Thursday, March 29, 2012

Frances Osborne

The Bolter: Edwardian Heartbreak and High Society Scandal in KenyaThe Bolter: Edwardian Heartbreak and High Society Scandal in Kenya by Frances Osborne

My rating: 4 of 5 stars

"In 1934 Idina Sackville met the son she had last seen fifteen yars earlier when she shocked high society by running off to Africa with a near-penniless man, abandoning him, his brother and their father.

"So scandalous was Idina's life -- she was said to have had 'lovers without number' -- that it was kept a secret from her great-granddaughter, Frances Osborne. Now Osborne explores her moving tale of betrayal and heartbreak."
~~back cover


I was prepared to thoroughly dislike Idina. She's famous as The Bolter, immortalized in Nancy Mitford's books, among others. A woman who abandons her family, simply for lust? How could I like her? But as I read more and more, I became more & more sympathetic to her. Betrayed by a philandering husband (with ample help from her sister!), Idina chose to end a marriage that had become a sham, and walk away to look elsewhere for happiness. And those were the days when mothers didn't get custody of the children -- the husbands did. The upper class ones, at any rate.
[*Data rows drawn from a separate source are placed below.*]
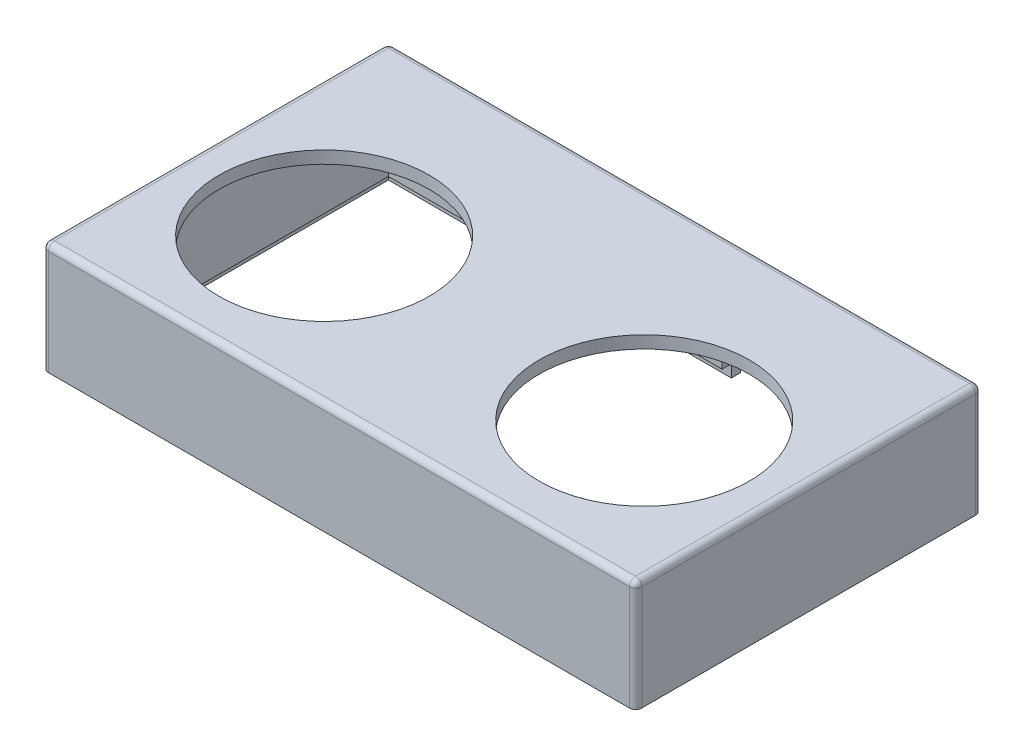
from build123d import *

# Parameters (mm, degrees)
SKETCH1_W           = 48
SKETCH1_H           = 28
BOSS_EXTRUDE1_DEPTH = 9
SKETCH2_W           = 45
SKETCH2_H           = 25
CUT_EXTRUDE1_DEPTH  = 8
SKETCH3_R           = 8.5
CUT_EXTRUDE2_DEPTH  = 22
SKETCH4_W           = 46.5
SKETCH4_H           = 26.5
CUT_EXTRUDE3_DEPTH  = 1
SKETCH10_W          = 8
SKETCH10_H          = 3.5
CUT_EXTRUDE4_DEPTH  = 30.206163733
FILLET5_R           = 0.5


with BuildPart() as part:
    # Sketch1 → Boss-Extrude1 (new body)
    with BuildSketch(Plane(origin=(0, 0, 0), x_dir=(1, 0, 0), z_dir=(0, 1, 0))):
        Rectangle(SKETCH1_W, SKETCH1_H)
    extrude(amount=BOSS_EXTRUDE1_DEPTH)

    # Sketch2 → Cut-Extrude1 (cut)
    with BuildSketch(Plane.XZ):
        Rectangle(SKETCH2_W, SKETCH2_H)
    extrude(amount=-CUT_EXTRUDE1_DEPTH, mode=Mode.SUBTRACT)

    # Sketch3 → Cut-Extrude2 (cut)
    with BuildSketch(Plane(origin=(0, 9, 0), x_dir=(1, 0, 0), z_dir=(0, 1, 0))):
        with Locations(Location((-12.95, -2.25, 0), (0, 0, 270))):
            Circle(SKETCH3_R)
        with Locations(Location((12.95, -2.25, 0), (0, 0, 270))):
            Circle(SKETCH3_R)
    extrude(amount=-CUT_EXTRUDE2_DEPTH, mode=Mode.SUBTRACT)

    # Sketch4 → Cut-Extrude3 (cut)
    with BuildSketch(Plane.XZ):
        Rectangle(SKETCH4_W, SKETCH4_H)
    extrude(amount=-CUT_EXTRUDE3_DEPTH, mode=Mode.SUBTRACT)

    # Sketch10 → Cut-Extrude4 (cut, through all)
    with BuildSketch(Plane.XY):
        with Locations((8.5, 1.75)):
            Rectangle(SKETCH10_W, SKETCH10_H)
    extrude(amount=-CUT_EXTRUDE4_DEPTH, mode=Mode.SUBTRACT)

    # Fillet5
    fillet5_edges = [part.edges().sort_by_distance(p)[0] for p in [
        (-24, 9, 0),
        (0, 9, 14),
        (24, 9, 0),
        (0, 9, -14),
        (24, 4.5, 14),
        (-24, 4.5, 14),
        (-24, 4.5, -14),
        (24, 4.5, -14),
    ]]
    fillet(fillet5_edges, radius=FILLET5_R)


solid = part.part

Idina marries again and again, searching for love and stability, which proved elusive. And as a woman ages, love and stability grow more elusive than ever, and women do more and more desperate things in their frantic search for it. In the end, I felt sorry for her more than I condemned her. She was a product of her age, and her options for dealing with the degeneration of her marriage were extremely limited. The disclaimer "She did the best she could with what she knew at the time" sums it up nicely for me.

I was also prepared not to like the book itself. Biographies are generally not my chosen genre. But this book is fascinating. The author pulls together details and background superbly, and you feel as though you're there, watching her life unfold on a movie screen. An excellent book -- well written, charming, devastatingly truthful.